§ **Problem description**
In the records that come next, find every line with "Node". Return those lines.

(Material for the task)

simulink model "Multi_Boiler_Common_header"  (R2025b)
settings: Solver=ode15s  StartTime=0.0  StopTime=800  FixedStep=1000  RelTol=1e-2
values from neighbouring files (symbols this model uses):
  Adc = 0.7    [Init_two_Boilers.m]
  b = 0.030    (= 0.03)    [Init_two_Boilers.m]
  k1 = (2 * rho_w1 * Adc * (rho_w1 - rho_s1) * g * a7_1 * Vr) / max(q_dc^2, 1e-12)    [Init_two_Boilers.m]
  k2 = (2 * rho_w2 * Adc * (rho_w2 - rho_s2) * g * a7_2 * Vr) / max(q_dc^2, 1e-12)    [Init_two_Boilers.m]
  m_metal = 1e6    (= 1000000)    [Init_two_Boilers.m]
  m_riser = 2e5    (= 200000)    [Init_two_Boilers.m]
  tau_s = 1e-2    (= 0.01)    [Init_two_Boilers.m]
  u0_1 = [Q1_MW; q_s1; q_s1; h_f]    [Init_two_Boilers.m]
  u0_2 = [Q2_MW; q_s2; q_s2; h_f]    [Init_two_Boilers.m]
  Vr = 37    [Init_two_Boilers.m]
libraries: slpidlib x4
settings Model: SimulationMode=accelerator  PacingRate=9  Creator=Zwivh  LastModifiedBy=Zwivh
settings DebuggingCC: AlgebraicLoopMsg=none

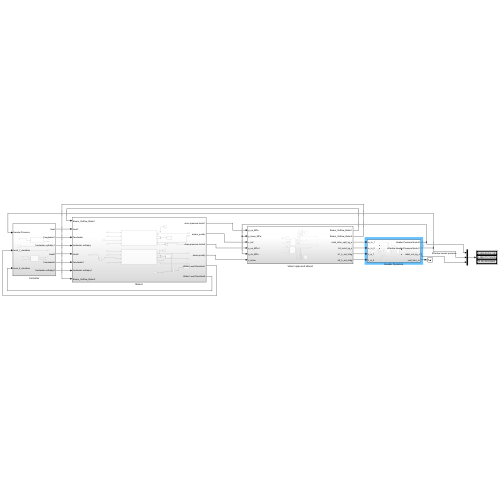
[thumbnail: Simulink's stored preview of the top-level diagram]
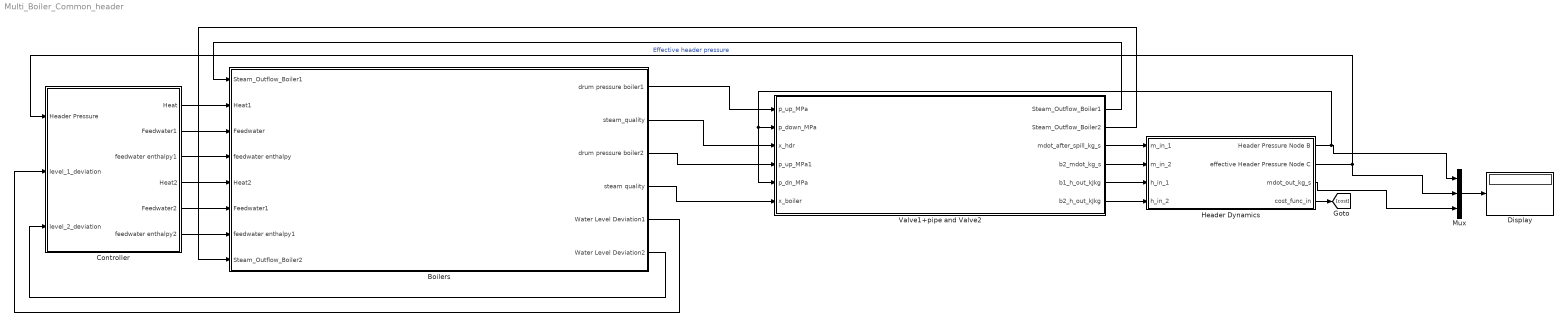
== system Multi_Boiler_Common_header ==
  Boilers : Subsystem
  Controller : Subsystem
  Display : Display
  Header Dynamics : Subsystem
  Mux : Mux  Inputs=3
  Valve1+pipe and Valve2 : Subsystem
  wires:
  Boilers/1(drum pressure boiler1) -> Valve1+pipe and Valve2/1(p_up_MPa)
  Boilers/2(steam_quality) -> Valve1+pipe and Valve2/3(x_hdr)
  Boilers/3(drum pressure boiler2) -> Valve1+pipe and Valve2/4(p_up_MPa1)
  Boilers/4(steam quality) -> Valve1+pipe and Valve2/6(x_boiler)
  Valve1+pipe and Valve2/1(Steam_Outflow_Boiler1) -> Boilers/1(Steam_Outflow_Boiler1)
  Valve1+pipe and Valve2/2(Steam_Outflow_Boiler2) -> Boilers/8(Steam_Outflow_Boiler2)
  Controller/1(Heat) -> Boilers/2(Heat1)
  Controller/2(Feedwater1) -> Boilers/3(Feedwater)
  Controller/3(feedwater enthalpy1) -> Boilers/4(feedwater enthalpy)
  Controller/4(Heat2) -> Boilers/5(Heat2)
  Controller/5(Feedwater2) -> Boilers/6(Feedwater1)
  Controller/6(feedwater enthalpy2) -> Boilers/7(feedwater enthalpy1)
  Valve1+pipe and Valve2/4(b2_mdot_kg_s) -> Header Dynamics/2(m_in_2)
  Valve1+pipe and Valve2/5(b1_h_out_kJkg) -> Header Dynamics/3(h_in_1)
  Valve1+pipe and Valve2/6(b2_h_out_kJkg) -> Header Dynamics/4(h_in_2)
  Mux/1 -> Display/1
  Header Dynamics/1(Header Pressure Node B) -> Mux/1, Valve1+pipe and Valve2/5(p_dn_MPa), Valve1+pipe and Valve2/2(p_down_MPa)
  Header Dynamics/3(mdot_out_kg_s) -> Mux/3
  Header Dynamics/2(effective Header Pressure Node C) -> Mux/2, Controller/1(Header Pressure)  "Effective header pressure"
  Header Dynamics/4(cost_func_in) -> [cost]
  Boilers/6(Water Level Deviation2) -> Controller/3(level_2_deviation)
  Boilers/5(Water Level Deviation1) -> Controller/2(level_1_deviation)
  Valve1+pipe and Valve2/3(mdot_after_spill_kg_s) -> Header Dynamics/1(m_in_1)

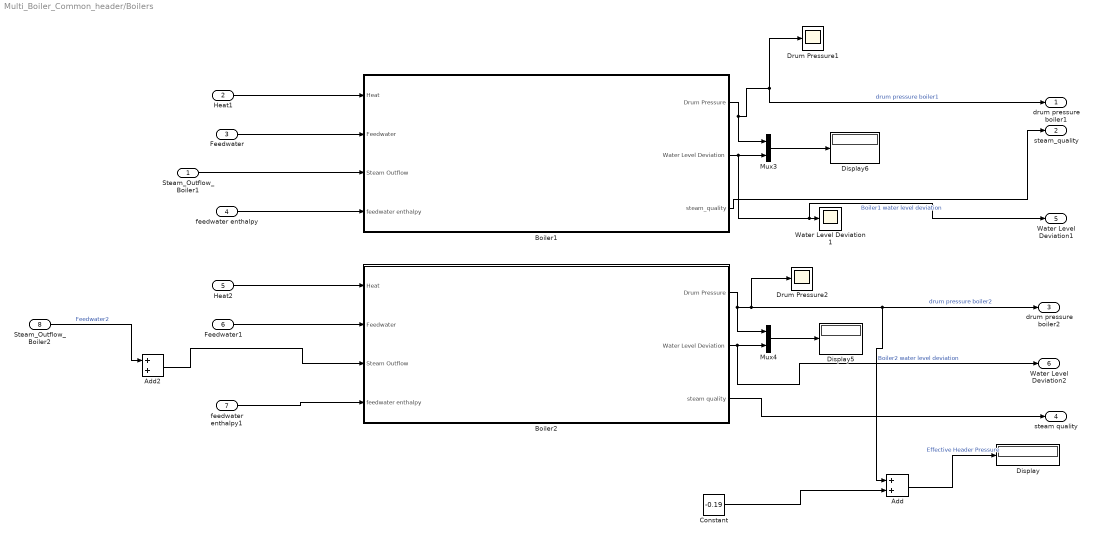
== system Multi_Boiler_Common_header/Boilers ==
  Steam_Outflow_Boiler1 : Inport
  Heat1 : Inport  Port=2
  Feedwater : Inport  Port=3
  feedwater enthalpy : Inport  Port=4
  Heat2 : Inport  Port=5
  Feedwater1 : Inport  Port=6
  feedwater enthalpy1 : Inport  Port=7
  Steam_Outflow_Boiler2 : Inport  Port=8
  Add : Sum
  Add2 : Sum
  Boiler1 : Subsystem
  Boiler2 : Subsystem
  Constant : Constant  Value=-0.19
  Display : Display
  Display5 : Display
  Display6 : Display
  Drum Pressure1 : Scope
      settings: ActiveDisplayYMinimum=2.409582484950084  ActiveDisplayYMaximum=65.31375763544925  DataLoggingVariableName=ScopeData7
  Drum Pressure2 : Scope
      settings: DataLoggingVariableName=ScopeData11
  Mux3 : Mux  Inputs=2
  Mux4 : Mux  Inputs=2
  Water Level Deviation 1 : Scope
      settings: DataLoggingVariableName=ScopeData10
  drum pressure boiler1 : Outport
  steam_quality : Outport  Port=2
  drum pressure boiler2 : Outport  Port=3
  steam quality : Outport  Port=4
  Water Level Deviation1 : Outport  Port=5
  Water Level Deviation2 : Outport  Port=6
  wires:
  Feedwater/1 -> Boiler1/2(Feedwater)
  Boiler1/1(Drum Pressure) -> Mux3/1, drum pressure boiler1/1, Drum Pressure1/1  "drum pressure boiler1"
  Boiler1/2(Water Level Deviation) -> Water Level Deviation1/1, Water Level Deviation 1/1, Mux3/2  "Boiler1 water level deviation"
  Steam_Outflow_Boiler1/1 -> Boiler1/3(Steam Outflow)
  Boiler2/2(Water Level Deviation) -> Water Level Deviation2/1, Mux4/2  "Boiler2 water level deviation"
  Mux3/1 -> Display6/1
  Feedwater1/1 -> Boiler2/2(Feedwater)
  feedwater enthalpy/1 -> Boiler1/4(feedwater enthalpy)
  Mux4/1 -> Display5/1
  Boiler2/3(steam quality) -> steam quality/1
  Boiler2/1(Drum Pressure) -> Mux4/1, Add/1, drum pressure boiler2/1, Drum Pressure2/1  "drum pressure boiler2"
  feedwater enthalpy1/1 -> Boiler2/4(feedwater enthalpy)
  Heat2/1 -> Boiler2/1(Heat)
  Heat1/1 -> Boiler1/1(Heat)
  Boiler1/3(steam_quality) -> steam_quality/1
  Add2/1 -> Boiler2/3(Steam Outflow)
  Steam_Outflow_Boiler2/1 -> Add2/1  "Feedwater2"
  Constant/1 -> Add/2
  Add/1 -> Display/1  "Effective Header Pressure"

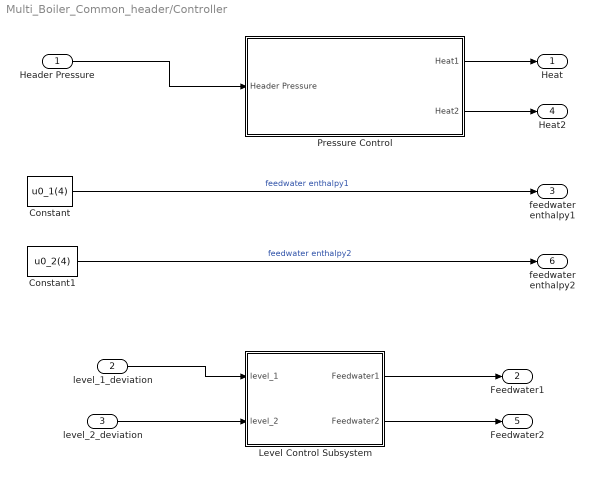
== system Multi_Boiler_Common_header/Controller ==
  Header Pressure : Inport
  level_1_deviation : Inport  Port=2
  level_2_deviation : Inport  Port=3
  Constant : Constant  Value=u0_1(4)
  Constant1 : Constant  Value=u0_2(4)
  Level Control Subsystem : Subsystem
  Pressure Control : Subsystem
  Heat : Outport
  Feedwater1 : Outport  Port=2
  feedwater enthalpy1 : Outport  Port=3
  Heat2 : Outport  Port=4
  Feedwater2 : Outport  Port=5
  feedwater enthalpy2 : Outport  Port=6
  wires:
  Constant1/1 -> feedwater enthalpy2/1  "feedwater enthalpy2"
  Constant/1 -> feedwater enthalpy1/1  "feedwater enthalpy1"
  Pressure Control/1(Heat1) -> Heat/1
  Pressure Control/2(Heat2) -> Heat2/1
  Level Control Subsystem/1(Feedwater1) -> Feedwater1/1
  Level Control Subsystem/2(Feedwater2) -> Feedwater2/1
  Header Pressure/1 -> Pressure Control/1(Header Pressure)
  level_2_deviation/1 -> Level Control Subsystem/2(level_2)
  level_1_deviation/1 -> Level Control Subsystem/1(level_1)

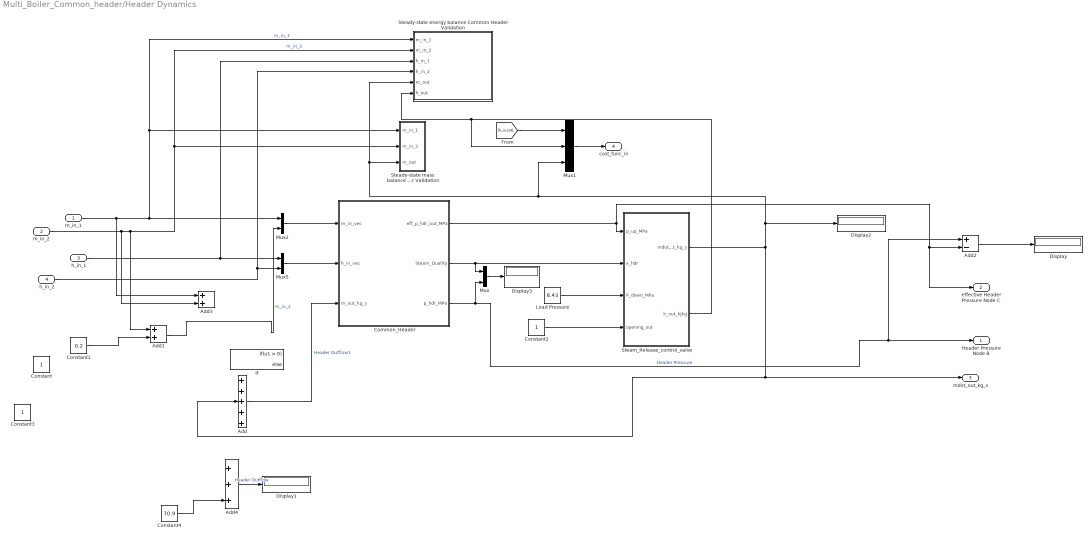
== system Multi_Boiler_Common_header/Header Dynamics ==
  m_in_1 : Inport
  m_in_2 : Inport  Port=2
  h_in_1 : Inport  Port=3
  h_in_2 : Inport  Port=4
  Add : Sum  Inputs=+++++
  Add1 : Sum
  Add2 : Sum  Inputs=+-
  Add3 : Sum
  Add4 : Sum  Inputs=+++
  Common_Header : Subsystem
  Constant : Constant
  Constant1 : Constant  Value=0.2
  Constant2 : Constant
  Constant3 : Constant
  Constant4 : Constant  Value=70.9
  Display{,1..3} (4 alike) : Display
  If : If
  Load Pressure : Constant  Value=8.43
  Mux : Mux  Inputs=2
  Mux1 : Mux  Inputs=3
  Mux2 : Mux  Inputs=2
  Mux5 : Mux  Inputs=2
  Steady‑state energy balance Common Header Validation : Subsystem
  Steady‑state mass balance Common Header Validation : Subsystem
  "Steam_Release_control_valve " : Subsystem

(End Material for the task)

§ **Answer to this task**
  Header Dynamics/1(Header Pressure Node B) -> Mux/1, Valve1+pipe and Valve2/5(p_dn_MPa), Valve1+pipe and Valve2/2(p_down_MPa)
  Header Dynamics/2(effective Header Pressure Node C) -> Mux/2, Controller/1(Header Pressure)  "Effective header pressure"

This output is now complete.